The step son!

🤖 AI Summary

No AI summary has been generated for this thread yet.

Dave G>

New member
Joined
Jan 30, 2003
Messages
467
Reaction score
0
Points
0
Location
My studio!
I've been with my girl for about 2.5 years and she has a son who is 16. We always get along and I've been producing his group since we met. There are alot of times where he is disrespectful to his family amd I told him over and over to not do that. I take it personal because I don't have a family and to see someone take advantage and treat people like sh*t bothers me. We had small time arguments and lately he has begun to challenge me. Now, I'm old school and I grew up in the BX, so I'm not about to have no kid disrespect me like that. Well, yesturday he started to bitch about the bathroom because I was fixing the light and the power was off so, he said something and when I asked him who he was talking to he said his grandmother. So I told him not to talk to her that way and he got loud with me... So, I got even louder and I told him he was not going to disrespect anyone in this house anymore. And I pointed the finger and he told me to get out his face and he got in mine and he ended up grabbing me. I put him to the ground and picked him back up and told him to man up since he's so tough (he is a big kid) but, after I felt real bad. I think I did what ?I had to do to get my point across. I know his mom is real tight about his, but part of it is her fault. She rarely redirects him and his father is not always around. Form the attitude after, I think he'll watch his mouth around the house, but this is not a situation that I ever saw comming.

Sorry this was so long.
 
I know its never easy dealing with stepkids maybe you should sit him down and talk to him and see whats bothering him maybe he's lashing out for some attention you know since his real dad is never around. I wish you the best of luck dave.
 
Melly22 said:
I know its never easy dealing with stepkids maybe you should sit him down and talk to him and see whats bothering him maybe he's lashing out for some attention you know since his real dad is never around. I wish you the best of luck dave.

That's the thing, I sat him down a million times and showed him support, but he says we don't understand. If any one understands it's me. But, the way he disrespects is like we're his problem. It's just that people around the house show that he runs sh*t. I don't play that.
 
Dave G> said:
That's the thing, I sat him down a million times and showed him support, but he says we don't understand. If any one understands it's me. But, the way he disrespects is like we're his problem. It's just that people around the house show that he runs sh*t. I don't play that.

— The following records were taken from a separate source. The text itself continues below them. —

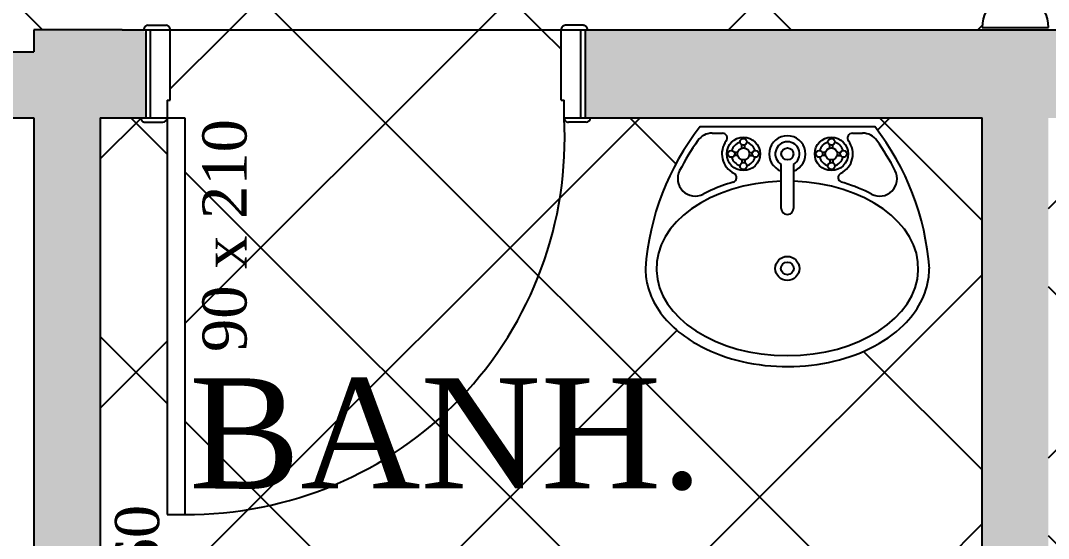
# Model space of a CAD drawing. Header units: millimetres. Extents: x 5728 to 12128, y -948 to 8052.
# Drawn here: x 6875.2 to 7108.2, y 1206.8 to 1324.4 of the extents above; entities that cross this region are included whole.
import ezdxf
from ezdxf.enums import TextEntityAlignment as Align

# ---------------------------------------------------------------- set-up
doc = ezdxf.new("R2010")
doc.units = ezdxf.units.MM
doc.header["$MEASUREMENT"] = 0
for name, color, linetype in [('001 - 0.150 Color', 1, 'Continuous'), ('003 - 0.250 Color', 3, 'Continuous'), ('004 - 0.150 Color', 4, 'Continuous'), ('005 - 0.350 Color', 5, 'Continuous'), ('007 - 0.200', 7, 'Continuous'), ('031 - 0.250 Color', 31, 'Continuous'), ('253 - 0.150 Color', 253, 'Continuous')]:
    doc.layers.add(name, color=color, linetype=linetype)
doc.styles.add('style4', font='romantic.ttf')
pattern_1 = [(45, (0, 0), (-28.2842146789194, 28.2842146789194), []), (135, (0, 0), (-28.2842146789194, -28.2842146789194), [])]

msp = doc.modelspace()

# ---------------------------------------------------------------- hatches: boundary and pattern name
at = {"layer": '003 - 0.250 Color', "ltscale": 2.5}
h = msp.add_hatch(dxfattribs=at)
h.set_pattern_fill('GRASS', color=256, scale=50, style=0)
h.set_pattern_definition([(90, (0, 0), (-35.35533905, 35.35533905), [9.375, -61.33567814999999]), (45, (0, 0), (-35.35533905932737, 35.35533905932738), [9.375, -40.625]), (135, (0, 0), (-35.35533905932738, -35.35533905932737), [9.375, -40.625])])
h.paths.add_polyline_path([(6403.233044741824, 670.8478115876025), (7096.793143707046, 670.8478115876022, -0.007972940582527196), (7136.594248306338, 697.5973259895412, -0.1787853650335933), (7218.23304474182, 787.2763766262524), (7093.233044741823, 787.2763766262524), (6878.233044741823, 787.2763766262523), (6878.233044741823, 845.5163766262522), (6878.233044741823, 1044.776376626252), (6878.233044741823, 1137.276376626253), (6878.233044741823, 1197.276376626253), (6878.233044741823, 1302.276376626253), (6428.233044741823, 1302.276376626252), (6403.233044741822, 1302.276376626252)])
at = {"layer": '005 - 0.350 Color', "ltscale": 2.5}
for points in [[(6443.233044741824, 1434.776376626253), (6428.233044741823, 1434.776376626254), (6428.233044741823, 1302.276376626253), (6878.233044741823, 1302.276376626252), (6878.233044741823, 1197.276376626253), (6888.502742114392, 1197.276376626253, -0.003026302082814796), (6888.503347369266, 1197.276376626253), (6893.233044741823, 1197.276376626253), (6893.233044741824, 1302.276376626253), (6903.633044741827, 1302.276376626252), (6903.633044741826, 1321.410351222467, -0.2679491924316732), (6903.133044741824, 1322.276376626252), (6898.233044741823, 1322.276376626252), (6878.233044741822, 1322.276376626252), (6878.233044741823, 1317.276376626253), (6443.233044741824, 1317.276376626253)], [(7108.233044741823, 1102.276376626252), (7108.233044741823, 1302.276376626253), (7113.633044741826, 1302.276376626252), (7113.633044741826, 1322.276376626252), (7003.233044741826, 1322.276376626253), (7003.233044741826, 1302.276376626252), (7093.233044741823, 1302.276376626252), (7093.233044741821, 1102.276376626252), (6893.233044741822, 1102.276376626252), (6893.233044741824, 1137.276376626253), (6888.503347369404, 1137.276376626253, -0.003026303524403506), (6888.502742114242, 1137.276376626253), (6878.233044741822, 1137.276376626253), (6878.233044741823, 1044.776376626252), (6893.233044741823, 1044.776376626252), (6893.233044741822, 1087.276376626252), (7378.233044741822, 1087.276376626252, -0.002998477564338969), (7378.212728392979, 1083.858384686537), (7393.171919325428, 1081.220675715577, 0.005046803038780047), (7393.233044741822, 1087.276376626279), (7393.233044741826, 1302.276376626252), (7378.233044741824, 1302.276376626252), (7378.233044741823, 1102.276376626252)]]:
    msp.add_hatch(color=256, dxfattribs=at).paths.add_polyline_path(points)
at = {"layer": '253 - 0.150 Color', "ltscale": 2.5}
h = msp.add_hatch(dxfattribs=at)
h.set_pattern_fill('NET', color=256, scale=12.5984, angle=45, style=0)
h.set_pattern_definition(pattern_1)
h.paths.add_polyline_path([(6443.233044741823, 1652.276376626252), (6443.233044741823, 1434.776376626252), (6443.233044741823, 1317.276376626252), (6878.233044741823, 1317.276376626253), (6878.233044741823, 1322.276376626252), (6898.233044741823, 1322.276376626252), (6903.133044741824, 1322.276376626252, -0.4142135623733614), (6904.133044741825, 1323.276376626252), (6908.133044741825, 1323.276376626249, -0.4142135623728287), (6909.133044741824, 1322.276376626249), (6997.733044741823, 1322.276376626259, -0.4142135623712303), (6998.733044741823, 1323.276376626252), (7002.733044741823, 1323.276376626252, -0.4142135623730951), (7003.733044741823, 1322.276376626252), (7093.261067438603, 1322.276376626252, -1.09335132445333), (7108.201526567967, 1322.276376626252), (7113.133044741824, 1322.276376626252, -0.4142135623733614), (7114.133044741825, 1323.276376626252), (7118.133044741825, 1323.276376626249, -0.4142135623728287), (7119.133044741824, 1322.276376626249), (7197.733044741823, 1322.276376626249, -0.4142135623741605), (7198.733044741823, 1323.276376626252), (7202.733044741823, 1323.276376626252, -0.4142135623730951), (7203.733044741823, 1322.276376626252), (7228.233044741823, 1322.276376626253), (7228.233044741823, 1652.276376626252)])
h.paths.add_polyline_path([(6965.733044741743, 1449.776376626252, -1), (6980.733044741743, 1449.776376626252, -1), (6965.733044741743, 1449.776376626252, -1), (6950.733044741743, 1449.776376626252, -1), (6935.733044741743, 1449.776376626252, -1), (6920.733044741743, 1449.776376626252, -1), (6905.733044741743, 1449.776376626252, -1), (6890.733044741743, 1449.776376626252, -1), (6875.733044741743, 1449.776376626252, -1), (6890.733044741743, 1449.776376626252, -1), (6905.733044741743, 1449.776376626252, -1), (6920.733044741743, 1449.776376626252, -1), (6935.733044741743, 1449.776376626252, -1), (6950.733044741743, 1449.776376626252, -1)], flags=16)
h.paths.add_polyline_path([(6996.050491693159, 1448.852937722257, -1), (6981.050491693159, 1448.852937722257, -1)], flags=16)
h.paths.add_polyline_path([(7011.146060583011, 1446.095997314732, -1), (6996.146060583011, 1446.095997314732, -1)], flags=16)
h.paths.add_polyline_path([(7025.801087323596, 1441.545490557061, -1), (7010.801087323596, 1441.545490557061, -1)], flags=16)
h.paths.add_polyline_path([(7039.803289219524, 1435.267332978234, -1), (7024.803289219524, 1435.267332978234, -1)], flags=16)
h.paths.add_polyline_path([(7052.949839949657, 1427.35246567556, -1), (7037.949839949657, 1427.35246567556, -1)], flags=16)
h.paths.add_polyline_path([(7065.050307570506, 1417.915538004137, -1), (7050.050307570506, 1417.915538004137, -1)], flags=16)
h.paths.add_polyline_path([(7075.929412983129, 1407.093246844685, -1), (7060.929412983129, 1407.093246844685, -1)], flags=16)
h.paths.add_polyline_path([(7085.429568906287, 1395.042356506017, -1), (7070.429568906287, 1395.042356506017, -1)], flags=16)
h.paths.add_polyline_path([(7093.413162578048, 1381.937427944477, -1), (7078.413162578048, 1381.937427944477, -1)], flags=16)
h.paths.add_polyline_path([(7099.764549120131, 1367.968290193281, -1), (7084.764549120131, 1367.968290193281, -1)], flags=16)
h.paths.add_polyline_path([(7104.391726690546, 1353.337290628974, -1), (7089.391726690546, 1353.337290628974, -1)], flags=16)
h.paths.add_polyline_path([(7107.227669159334, 1338.256363905703, -1), (7092.227669159334, 1338.256363905703, -1)], flags=16)
h.paths.add_polyline_path([(6879.159819889752, 1322.906583726845), (6918.590293262532, 1322.906583726845), (6918.590293262532, 1341.345932839271), (6879.159819889752, 1341.345932839271)], flags=24)
h.paths.add_polyline_path([(6444.159819889752, 1317.906583726844), (6483.590293262532, 1317.906583726844), (6483.590293262532, 1336.34593283927), (6444.159819889752, 1336.34593283927)], flags=24)
h.paths.add_polyline_path([(6459.570269892297, 1518.397321092688), (6459.570269892297, 1612.406196832332), (6443.815832022476, 1612.406196832332), (6443.815832022476, 1518.397321092688)], flags=24)
h = msp.add_hatch(dxfattribs=at)
h.set_pattern_fill('NET', color=256, scale=12.5984, angle=45, style=0)
h.set_pattern_definition(pattern_1)
h.paths.add_polyline_path([(6998.438775741415, 1302.169469400925, -0.02678438308058817), (6998.433044741825, 1302.276376626254), (6998.433044741826, 1306.276376626249), (6997.733044741825, 1306.276376626249), (6997.733044741824, 1322.276376626259), (6909.133044741826, 1322.276376626249), (6909.133044741827, 1306.276376626249), (6908.433044741825, 1306.276376626249), (6908.433044741825, 1302.276376626252), (6912.433044741825, 1302.276376626249), (6912.433044741825, 1212.276376626252, 0.4323924054108027)])
edge = h.paths.add_edge_path()
edge.add_arc((6907.433044741825, 1302.276376626249), 1, -90, 2.0838797354372218e-10, ccw=False)
edge.add_line((6907.433044741825, 1301.276376626249), (6903.433044741823, 1301.276376626249))
edge.add_arc((6903.433044741823, 1302.276376626249), 1.000000000000001, 179.9999999997916, 270, ccw=False)
edge.add_line((6902.433044741823, 1302.276376626252), (6893.233044741823, 1302.276376626252))
edge.add_line((6893.233044741823, 1302.276376626252), (6893.233044741823, 1197.276376626253))
edge.add_line((6893.233044741823, 1197.276376626253), (6893.233044741823, 1137.276376626253))
edge.add_line((6893.233044741823, 1137.276376626253), (6893.233044741823, 1102.276376626252))
edge.add_line((6893.233044741823, 1102.276376626252), (7048.086090835288, 1102.276376626252))
edge.add_line((7048.086090835288, 1102.276376626252), (7048.086090835286, 1104.276376626251))
edge.add_line((7048.086090835286, 1104.276376626251), (7025.614011579035, 1104.276376626251))
edge.add_arc((7025.614011579039, 1106.657328626252), 2.380952000000205, 180, 269.9999999998906, ccw=False)
edge.add_line((7023.233059579039, 1106.657328626252), (7023.233059579039, 1121.538278626247))
edge.add_arc((7025.614011579039, 1121.538278626247), 2.380952000000208, 89.99999999997812, 180.0000000000109, ccw=False)
edge.add_line((7025.614011579039, 1123.919230626248), (7035.599215643357, 1123.919230626248))
edge.add_arc((7018.746021011766, 1121.339133359565), 17.04954753639538, 8.703973279515296, 30.00006128887262)
edge.add_arc((7009.024552949591, 1116.849444301812), 27.73048934658875, 27.99017785675627, 36.72848338437627)
edge.add_arc((7049.843048676335, 1147.651915726622), 23.4069021006232, 175.5446015575178, 217.4067665046233, ccw=False)
edge.add_arc((7070.613625608325, 1145.336132163144), 44.30006588775371, 141.3829610435088, 174.645340128994, ccw=False)
edge.add_arc((7049.468592582003, 1161.429326177436), 17.74568680494631, 94.46823295688642, 139.3720454146145, ccw=False)
edge.add_line((7048.086090835288, 1179.121078185069), (7048.086090835288, 1245.836460574515))
edge.add_spline(control_points=[(7048.08609083529, 1245.836460574515), (7048.022855238665, 1245.837738738286), (7047.959624804364, 1245.839145299686), (7044.374583315357, 1245.926187211463), (7040.873285634338, 1246.410254805519), (7034.269396651592, 1248.136231944034), (7031.167494505539, 1249.377513745024), (7026.528538949504, 1252.040256850772), (7024.802927835558, 1253.288679972351), (7021.794360359085, 1256.060624373114), (7020.511240257717, 1257.58480732942), (7018.483047761029, 1260.848257860741), (7017.739090189109, 1262.588556758304), (7017.012218212052, 1265.606380997103), (7016.862395303297, 1266.853993983646), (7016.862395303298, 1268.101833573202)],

i feel you on that maybe its just the hormones of a teenager we were all there once where i would disrespect my parents (i wish with all my heart i could take it back) 🙁
 
My husband and I both feel that you did right. Children can't disrespect when they feel like it. Doesn't work like that. I'm old school when it comes to that. My own teenage kids have tested me like that and I back slapped them so hard that they know better now!

Yes you feel bad but your girl has to understand your disposition too.
 
I was a Stepdaughter...It wasnt easy wanting my Dad around and having someone else there. There were alot of times I lashed out as a Teenager and as Melly I wish I could take it all back. What U did wasnt wrong at all. My step father Never had strong words with me. He would just fight with my Mom about it. For that I never respected him. But Now My mom is not around and I relize He is who has always been there. My real Father Passed when I was a teenager. To me Now My Step Father has always been my Dad. Most of all Because he stuck around and Loved my Mom.
Time Heals all. Stand Strong. Respect will have no choice but to be there.
Sorry for rambling.
 
I give you credit Dave. You have accepted this child as your own and that is something that allot of men (or women for that matter) would do.

It's not easy to accept someone else's kid(s) and you have. If your girlfriend doesn't mind you disciplining her son, then I don't see a problem. All kids at some time or another act out and it's the parents responsibility to straighten them out.

She needs to help in this department a little also.

What you did seems to be something that should have been done a long time ago. If that was your child, you would have reacted the same way so never feel guilty for disciplining him.

I hope it all works out for you.
 
It could be as well that he's having probs outside the house and it's easier to take it out on someone at home.
He's at an age when he thinks he knows it all. I'm sure we all did. Hopefully he won't do it again- and I don't think you were inthe wrong for doing what u did..If she has a problem with it- then I think u 2 should discuss it calmy and civilzed.
 
Thanks for the support, I think he got the message because he's on a different page today. I felt bad, but I know I did right. Thanks!
 
The mother have to talk to him .. She have to put her foot down and tell him as it is .. He have to understand that no matter what he have to respect you cuz you are the men of the house no matter what ... Plus if you treat him right what the hell he wants someone to take all his sh*t ... All I say is she have to talk to him first it shouldn't of never got of hand like that ... I hope things work out for ya and no you did right but I think she have to support you also in what you say and have a lil talk with her son ....
 
I was thinking about this and I realized that if it gets to that point again, I'm out! I can't risk losing my daughter because of a fight with a kid. Let's see if we can deescalate a problem .
 
you were rght for showing him some force. he seems to have problems that he is not letting you in on. his mother should ground him. i wish you luck.